I stopped using social media in August of this year, and one nice benefit of that is that I immediately saw an uptick in my reading. It’s like when you remove junk food from your house. If the only option when craving a snack is fruit, you’ll eat the fruit. If you remove the option of time-wasting entertainment, you have no choice but to read for entertainment.

Another thing I’ve started to be more deliberate about is reading during my breaks from work. Most of what I do for Redeeming Productivity happens in front of a computer screen. But when I take breaks, it’s easy just to turn on a YouTube video or read an article on the screen. I’ve been keeping a physical book nearby and reading a few pages lately. It’s a nice break for the eyes and helps me make some progress on my reading list.

Take advantage of multiple formats.

I prefer reading physical books, but I have limited space for them.
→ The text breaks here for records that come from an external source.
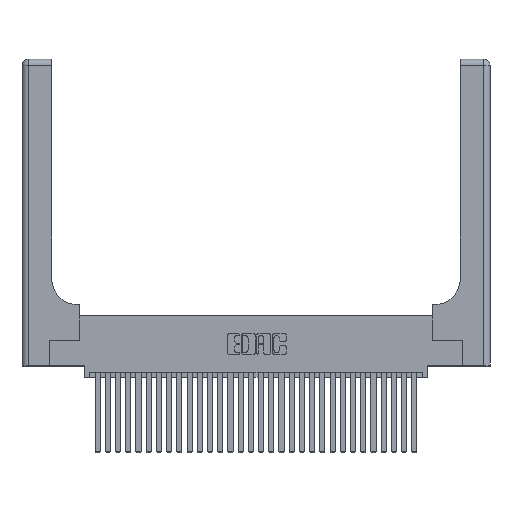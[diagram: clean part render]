
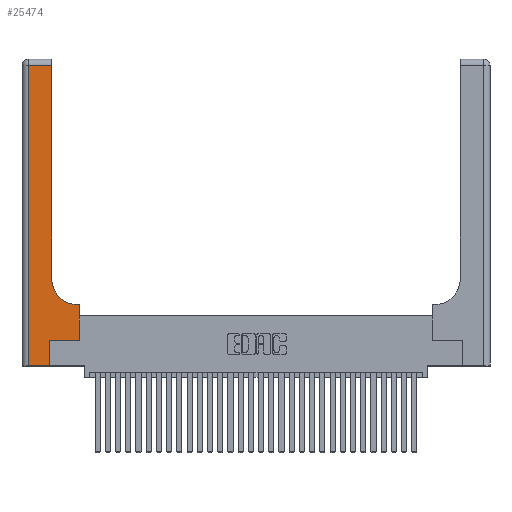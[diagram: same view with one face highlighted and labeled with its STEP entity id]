
A CAD part, top view. The second image highlights one B-rep face of the part: STEP entity #25474.
In plain terms, the highlighted planar face has unit normal (0, 0, 1).
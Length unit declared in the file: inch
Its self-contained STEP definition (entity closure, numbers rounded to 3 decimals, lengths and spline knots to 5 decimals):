
#158 = EDGE_CURVE ( 'NONE', #2675, #31605, #12864, .T. ) ;
#392 = VERTEX_POINT ( 'NONE', #10462 ) ;
#742 = CARTESIAN_POINT ( 'NONE',  ( 0.06, 2.94, 0.37 ) ) ;
#2121 = CARTESIAN_POINT ( 'NONE',  ( 0.5585, 0.25, 0.37 ) ) ;
#2398 = VERTEX_POINT ( 'NONE', #5267 ) ;
#2675 = VERTEX_POINT ( 'NONE', #23380 ) ;
#2832 = AXIS2_PLACEMENT_3D ( 'NONE', #17643, #17614, #17329 ) ;
#3052 = DIRECTION ( 'NONE',  ( -1., 0., 0. ) ) ;
#3101 = LINE ( 'NONE', #11352, #8863 ) ;
#4496 = ORIENTED_EDGE ( 'NONE', *, *, #23177, .T. ) ;
#5260 = VECTOR ( 'NONE', #29582, 39.37008 ) ;
#5267 = CARTESIAN_POINT ( 'NONE',  ( 0.06, 0., 0.37 ) ) ;
#5766 = CARTESIAN_POINT ( 'NONE',  ( 0.2915, 3., 0.37 ) ) ;
#6100 = EDGE_CURVE ( 'NONE', #26114, #392, #22242, .T. ) ;
#6150 = EDGE_CURVE ( 'NONE', #19250, #26114, #7696, .T. ) ;
#6679 = EDGE_CURVE ( 'NONE', #31605, #17003, #31215, .T. ) ;
#7696 = LINE ( 'NONE', #17260, #26345 ) ;
#8070 = CARTESIAN_POINT ( 'NONE',  ( 0.2915, 0.85, 0.37 ) ) ;
#8656 = LINE ( 'NONE', #10158, #20127 ) ;
#8846 = DIRECTION ( 'NONE',  ( 1., 0., 0. ) ) ;
#8863 = VECTOR ( 'NONE', #8846, 39.37008 ) ;
#9489 = DIRECTION ( 'NONE',  ( -1., 0., 0. ) ) ;
#10158 = CARTESIAN_POINT ( 'NONE',  ( 0.269, 0., 0.37 ) ) ;
#10462 = CARTESIAN_POINT ( 'NONE',  ( 0.5585, 0.6, 0.37 ) ) ;
#11348 = DIRECTION ( 'NONE',  ( -1., 0., 0. ) ) ;
#11352 = CARTESIAN_POINT ( 'NONE',  ( 0., 0., 0.37 ) ) ;
#11686 = VECTOR ( 'NONE', #11348, 39.37008 ) ;
#11694 = VERTEX_POINT ( 'NONE', #742 ) ;
#12076 = CARTESIAN_POINT ( 'NONE',  ( 0.269, 0., 0.37 ) ) ;
#12156 = ORIENTED_EDGE ( 'NONE', *, *, #6679, .T. ) ;
#12733 = CARTESIAN_POINT ( 'NONE',  ( 0.2915, 0.6, 0.37 ) ) ;
#12864 = CIRCLE ( 'NONE', #2832, 0.25 ) ;
#12927 = ORIENTED_EDGE ( 'NONE', *, *, #27738, .T. ) ;
#13327 = ORIENTED_EDGE ( 'NONE', *, *, #18575, .T. ) ;
#13622 = AXIS2_PLACEMENT_3D ( 'NONE', #21665, #24082, #9489 ) ;
#13664 = ORIENTED_EDGE ( 'NONE', *, *, #17686, .T. ) ;
#14119 = ORIENTED_EDGE ( 'NONE', *, *, #158, .T. ) ;
#14182 = PLANE ( 'NONE',  #13622 ) ;
#14454 = VERTEX_POINT ( 'NONE', #12076 ) ;
#14590 = CARTESIAN_POINT ( 'NONE',  ( 0.5585, 0.25, 0.37 ) ) ;
#14755 = FACE_OUTER_BOUND ( 'NONE', #29334, .T. ) ;
#15997 = ORIENTED_EDGE ( 'NONE', *, *, #23728, .T. ) ;
#17003 = VERTEX_POINT ( 'NONE', #18724 ) ;
#17260 = CARTESIAN_POINT ( 'NONE',  ( 0.269, 0.25, 0.37 ) ) ;
#17329 = DIRECTION ( 'NONE',  ( 1., 0., 0. ) ) ;
#17362 = LINE ( 'NONE', #12733, #29433 ) ;
#17614 = DIRECTION ( 'NONE',  ( 0., 0., -1. ) ) ;
#17643 = CARTESIAN_POINT ( 'NONE',  ( 0.5415, 0.85, 0.37 ) ) ;
#17686 = EDGE_CURVE ( 'NONE', #17003, #11694, #18932, .T. ) ;
#18248 = CARTESIAN_POINT ( 'NONE',  ( 0.269, 0.25, 0.37 ) ) ;
#18398 = VECTOR ( 'NONE', #27661, 39.37008 ) ;
#18575 = EDGE_CURVE ( 'NONE', #392, #2675, #17362, .T. ) ;
#18724 = CARTESIAN_POINT ( 'NONE',  ( 0.2915, 2.94, 0.37 ) ) ;
#18932 = LINE ( 'NONE', #28263, #11686 ) ;
#19250 = VERTEX_POINT ( 'NONE', #18248 ) ;
#19712 = DIRECTION ( 'NONE',  ( 1., 0., 0. ) ) ;
#20127 = VECTOR ( 'NONE', #21897, 39.37008 ) ;
#21472 = VECTOR ( 'NONE', #24388, 39.37008 ) ;
#21665 = CARTESIAN_POINT ( 'NONE',  ( 0., 3., 0.37 ) ) ;
#21897 = DIRECTION ( 'NONE',  ( 0., 1., 0. ) ) ;
#22242 = LINE ( 'NONE', #14590, #21472 ) ;
#23177 = EDGE_CURVE ( 'NONE', #11694, #2398, #24712, .T. ) ;
#23380 = CARTESIAN_POINT ( 'NONE',  ( 0.5415, 0.6, 0.37 ) ) ;
#23728 = EDGE_CURVE ( 'NONE', #14454, #19250, #8656, .T. ) ;
#24082 = DIRECTION ( 'NONE',  ( 0., 0., -1. ) ) ;
#24388 = DIRECTION ( 'NONE',  ( 0., 1., 0. ) ) ;
#24712 = LINE ( 'NONE', #27153, #5260 ) ;
#24761 = ORIENTED_EDGE ( 'NONE', *, *, #6100, .T. ) ;
#25474 = ADVANCED_FACE ( 'NONE', ( #14755 ), #14182, .F. ) ;
#26114 = VERTEX_POINT ( 'NONE', #2121 ) ;
#26345 = VECTOR ( 'NONE', #19712, 39.37008 ) ;
#27153 = CARTESIAN_POINT ( 'NONE',  ( 0.06, 3., 0.37 ) ) ;
#27661 = DIRECTION ( 'NONE',  ( 0., 1., 0. ) ) ;
#27738 = EDGE_CURVE ( 'NONE', #2398, #14454, #3101, .T. ) ;
#28263 = CARTESIAN_POINT ( 'NONE',  ( 0., 2.94, 0.37 ) ) ;
#29334 = EDGE_LOOP ( 'NONE', ( #12156, #13664, #4496, #12927, #15997, #29623, #24761, #13327, #14119 ) ) ;
#29433 = VECTOR ( 'NONE', #3052, 39.37008 ) ;
#29582 = DIRECTION ( 'NONE',  ( 0., -1., 0. ) ) ;
#29623 = ORIENTED_EDGE ( 'NONE', *, *, #6150, .T. ) ;
#31215 = LINE ( 'NONE', #5766, #18398 ) ;
#31605 = VERTEX_POINT ( 'NONE', #8070 ) ;

And there’s nothing for convenience like an ebook on my phone or an audiobook in my ear while I’m on the go.

I’m constantly rolling with an audiobook, an ebook, and a physical book. Each format has its advantages. For example, I completed a major home renovation this year, and that had me listening to loads of audiobooks while I worked. Pretty much all of my fiction books are ebooks because I read them on my Kindle Paperwhite in bed with the lights off. And my morning non-fiction reading is usually a physical book, but sometimes an ebook.

By the way, my system for deciding if I want to buy a physical book or an ebook is simple. I ask myself if I’m 100% positive I’d want the book on my bookshelf. So, newer books usually get the Kindle treatment, and classics join the privileged throngs in my physical library.


I grow more convinced each year that one of the best things we can do for our information diet is to spend less time online and more time reading books.